The university also encourages church planting in areas of the United States "in great need of fundamental churches", and it has provided financial and logistical assistance to ministerial graduates in starting more than a hundred new churches. Bob Jones III has also encouraged non-ministerial students to put their career plans on hold for two or three years to provide lay leadership for small churches. Students of various majors participate in Missions Advance (formerly Mission Prayer Band), an organization that prays for missionaries and attempts to stimulate campus interest in world evangelism. During summers and Christmas breaks, about 150 students participate in teams that use their musical, language, trade, and aviation skills to promote Christian missions around the world. Although a separate nonprofit corporation, Gospel Fellowship Association, an organization founded by Bob Jones Sr. and associated with BJU, is one of the largest fundamentalist mission boards in the country. Through its "Timothy Fund", the university also sponsors international students who are training for the ministry.

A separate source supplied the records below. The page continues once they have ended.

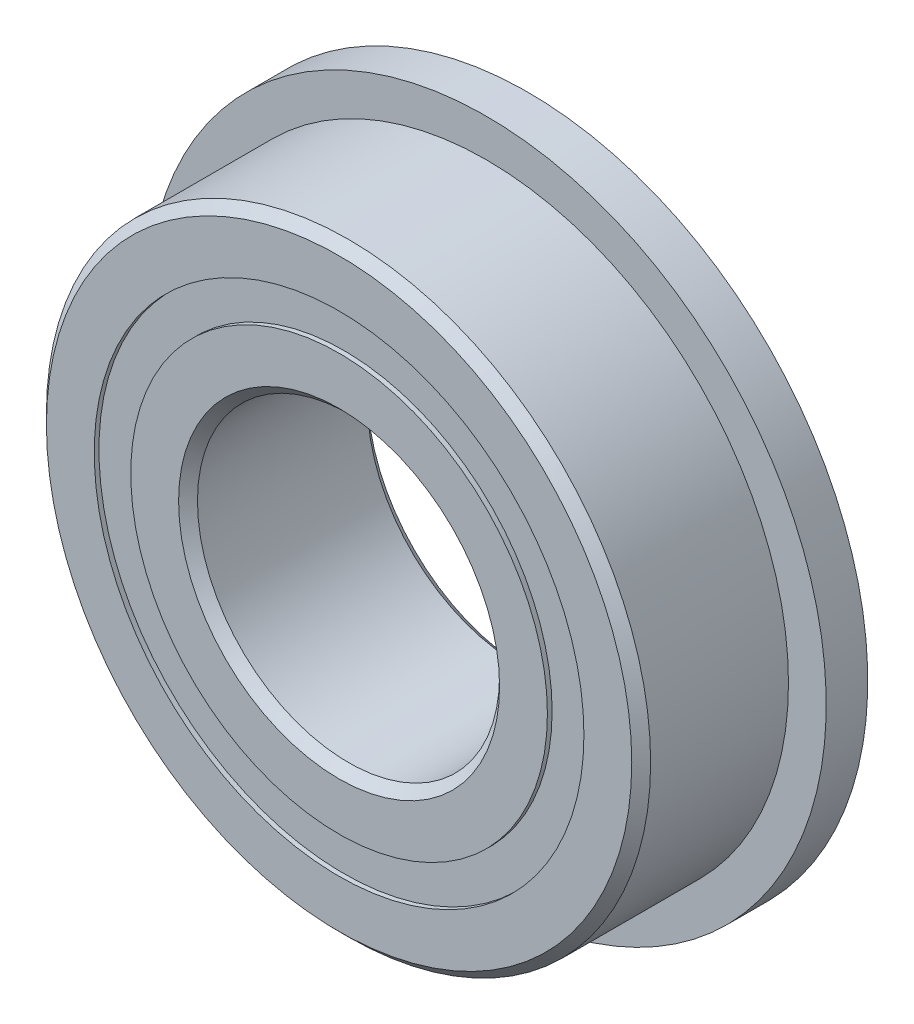
ISO-10303-21;
HEADER;
FILE_DESCRIPTION(('STEP AP214'),'2;1');
FILE_NAME('part.step','',(''),(''),'','','');
FILE_SCHEMA(('AUTOMOTIVE_DESIGN { 1 0 10303 214 1 1 1 1 }'));
ENDSEC;
DATA;
#1=APPLICATION_CONTEXT('core data for automotive mechanical design processes');
#2=APPLICATION_PROTOCOL_DEFINITION('international standard','automotive_design',2000,#1);
#3=PRODUCT_CONTEXT('',#1,'mechanical');
#4=PRODUCT('Part','Part','',(#3));
#5=PRODUCT_RELATED_PRODUCT_CATEGORY('part','',(#4));
#6=PRODUCT_DEFINITION_FORMATION('','',#4);
#7=PRODUCT_DEFINITION_CONTEXT('part definition',#1,'design');
#8=PRODUCT_DEFINITION('design','',#6,#7);
#9=PRODUCT_DEFINITION_SHAPE('','',#8);
#10=(LENGTH_UNIT() NAMED_UNIT(*) SI_UNIT(.MILLI.,.METRE.));
#11=(NAMED_UNIT(*) PLANE_ANGLE_UNIT() SI_UNIT($,.RADIAN.));
#12=(NAMED_UNIT(*) SI_UNIT($,.STERADIAN.) SOLID_ANGLE_UNIT());
#13=UNCERTAINTY_MEASURE_WITH_UNIT(LENGTH_MEASURE(1.E-05),#10,'distance_accuracy_value','');
#14=(GEOMETRIC_REPRESENTATION_CONTEXT(3) GLOBAL_UNCERTAINTY_ASSIGNED_CONTEXT((#13)) GLOBAL_UNIT_ASSIGNED_CONTEXT((#10,
#11,#12)) REPRESENTATION_CONTEXT('',''));
#15=CARTESIAN_POINT('',(0.,0.,0.));
#16=DIRECTION('',(0.,0.,1.));
#17=DIRECTION('',(1.,0.,0.));
#18=AXIS2_PLACEMENT_3D('',#15,#16,#17);
#19=CARTESIAN_POINT('',(0.,6.48351648351649,-2.375));
#20=DIRECTION('',(0.,0.,1.));
#21=DIRECTION('',(1.,0.,0.));
#22=AXIS2_PLACEMENT_3D('',#19,#20,#21);
#23=PLANE('',#22);
#24=CARTESIAN_POINT('',(0.,0.,-2.375));
#25=DIRECTION('',(0.,0.,1.));
#26=DIRECTION('',(1.,0.,0.));
#27=AXIS2_PLACEMENT_3D('',#24,#25,#26);
#28=CIRCLE('',#27,6.48351648351649);
#29=CARTESIAN_POINT('',(6.48351648351649,0.,-2.375));
#30=VERTEX_POINT('',#29);
#31=EDGE_CURVE('E63',#30,#30,#28,.T.);
#32=ORIENTED_EDGE('',*,*,#31,.F.);
#33=EDGE_LOOP('',(#32));
#34=FACE_BOUND('',#33,.T.);
#35=CARTESIAN_POINT('',(0.,0.,-2.375));
#36=DIRECTION('',(0.,0.,1.));
#37=DIRECTION('',(1.,0.,0.));
#38=AXIS2_PLACEMENT_3D('',#35,#36,#37);
#39=CIRCLE('',#38,5.51648351648352);
#40=CARTESIAN_POINT('',(5.51648351648352,0.,-2.375));
#41=VERTEX_POINT('',#40);
#42=EDGE_CURVE('E11',#41,#41,#39,.T.);
#43=ORIENTED_EDGE('',*,*,#42,.T.);
#44=EDGE_LOOP('',(#43));
#45=FACE_BOUND('',#44,.T.);
#46=ADVANCED_FACE('F49',(#34,#45),#23,.F.);
#47=CARTESIAN_POINT('',(0.,0.,2.5));
#48=DIRECTION('',(0.,0.,1.));
#49=DIRECTION('',(1.,0.,0.));
#50=AXIS2_PLACEMENT_3D('',#47,#48,#49);
#51=CYLINDRICAL_SURFACE('',#50,5.51648351648352);
#52=ORIENTED_EDGE('',*,*,#42,.F.);
#53=EDGE_LOOP('',(#52));
#54=FACE_BOUND('',#53,.T.);
#55=CARTESIAN_POINT('',(0.,0.,-1.21175743903915));
#56=DIRECTION('',(0.,0.,1.));
#57=DIRECTION('',(1.,0.,0.));
#58=AXIS2_PLACEMENT_3D('',#55,#56,#57);
#59=CIRCLE('',#58,5.51648351648352);
#60=CARTESIAN_POINT('',(5.51648351648352,0.,-1.21175743903915));
#61=VERTEX_POINT('',#60);
#62=EDGE_CURVE('E55',#61,#61,#59,.T.);
#63=ORIENTED_EDGE('',*,*,#62,.T.);
#64=EDGE_LOOP('',(#63));
#65=FACE_BOUND('',#64,.T.);
#66=ADVANCED_FACE('F72',(#54,#65),#51,.F.);
#67=CARTESIAN_POINT('',(0.,6.48351648351648,-1.21175743903915));
#68=DIRECTION('',(0.,0.,-1.));
#69=DIRECTION('',(-1.,0.,0.));
#70=AXIS2_PLACEMENT_3D('',#67,#68,#69);
#71=PLANE('',#70);
#72=ORIENTED_EDGE('',*,*,#62,.F.);
#73=EDGE_LOOP('',(#72));
#74=FACE_BOUND('',#73,.T.);
#75=CARTESIAN_POINT('',(0.,0.,-1.21175743903915));
#76=DIRECTION('',(0.,0.,1.));
#77=DIRECTION('',(1.,0.,0.));
#78=AXIS2_PLACEMENT_3D('',#75,#76,#77);
#79=CIRCLE('',#78,6.48351648351648);
#80=CARTESIAN_POINT('',(6.48351648351648,0.,-1.21175743903915));
#81=VERTEX_POINT('',#80);
#82=EDGE_CURVE('E59',#81,#81,#79,.T.);
#83=ORIENTED_EDGE('',*,*,#82,.T.);
#84=EDGE_LOOP('',(#83));
#85=FACE_BOUND('',#84,.T.);
#86=ADVANCED_FACE('F76',(#74,#85),#71,.F.);
#87=CARTESIAN_POINT('',(0.,0.,2.5));
#88=DIRECTION('',(0.,0.,1.));
#89=DIRECTION('',(1.,0.,0.));
#90=AXIS2_PLACEMENT_3D('',#87,#88,#89);
#91=CYLINDRICAL_SURFACE('',#90,6.48351648351649);
#92=ORIENTED_EDGE('',*,*,#82,.F.);
#93=EDGE_LOOP('',(#92));
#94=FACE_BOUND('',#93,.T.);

The university requires use of the King James Version (KJV) of the Bible in its services and classrooms, but it does not hold that the KJV is the only acceptable English translation or that it has the same authority as the original Hebrew and Greek manuscripts. The university's position has been criticized by some other fundamentalists, including fellow conservative university Pensacola Christian College, which in 1998 produced a widely distributed videotape which argued that this "defiling leaven in fundamentalism" was passed from the 19th-century Princeton theologian Benjamin B. Warfield (1851–1921) through Charles Brokenshire (1885–1954) to current BJU faculty members and graduates.
Rules of conduct
Strict rules govern student life at BJU. Some of these are based directly on the university's interpretation of the Bible. For instance, the 2015–16 Student Handbook states, "Students are to avoid any types of entertainment that could be considered immodest or that contain profanity, scatological realism, sexual perversion, erotic realism, lurid violence, occultism and false philosophical or religious assumptions." Grounds for immediate dismissal include stealing, immorality (including sexual relations between unmarried students), possession of hard-core pornography, use of alcohol or drugs, and participating in a public demonstration for a cause the university opposes. Similar "moral failures" are grounds for terminating the employment of faculty and staff. In 1998, a homosexual alumnus was threatened with arrest if he visited the campus.
For years, male students were required to wear slacks, dress shirts and ties on campus during the day. This requirement has since been loosened;[when?] men are allowed the option of wearing polo shirts or dress shirts on weekdays until 5 pm, and are no longer required to wear ties. Effective in 2018, women are no longer required to wear skirts or dresses and can now wear pants. They are also required to attend chapel four days a week, as well as at least two services per week at an approved "local fundamental church".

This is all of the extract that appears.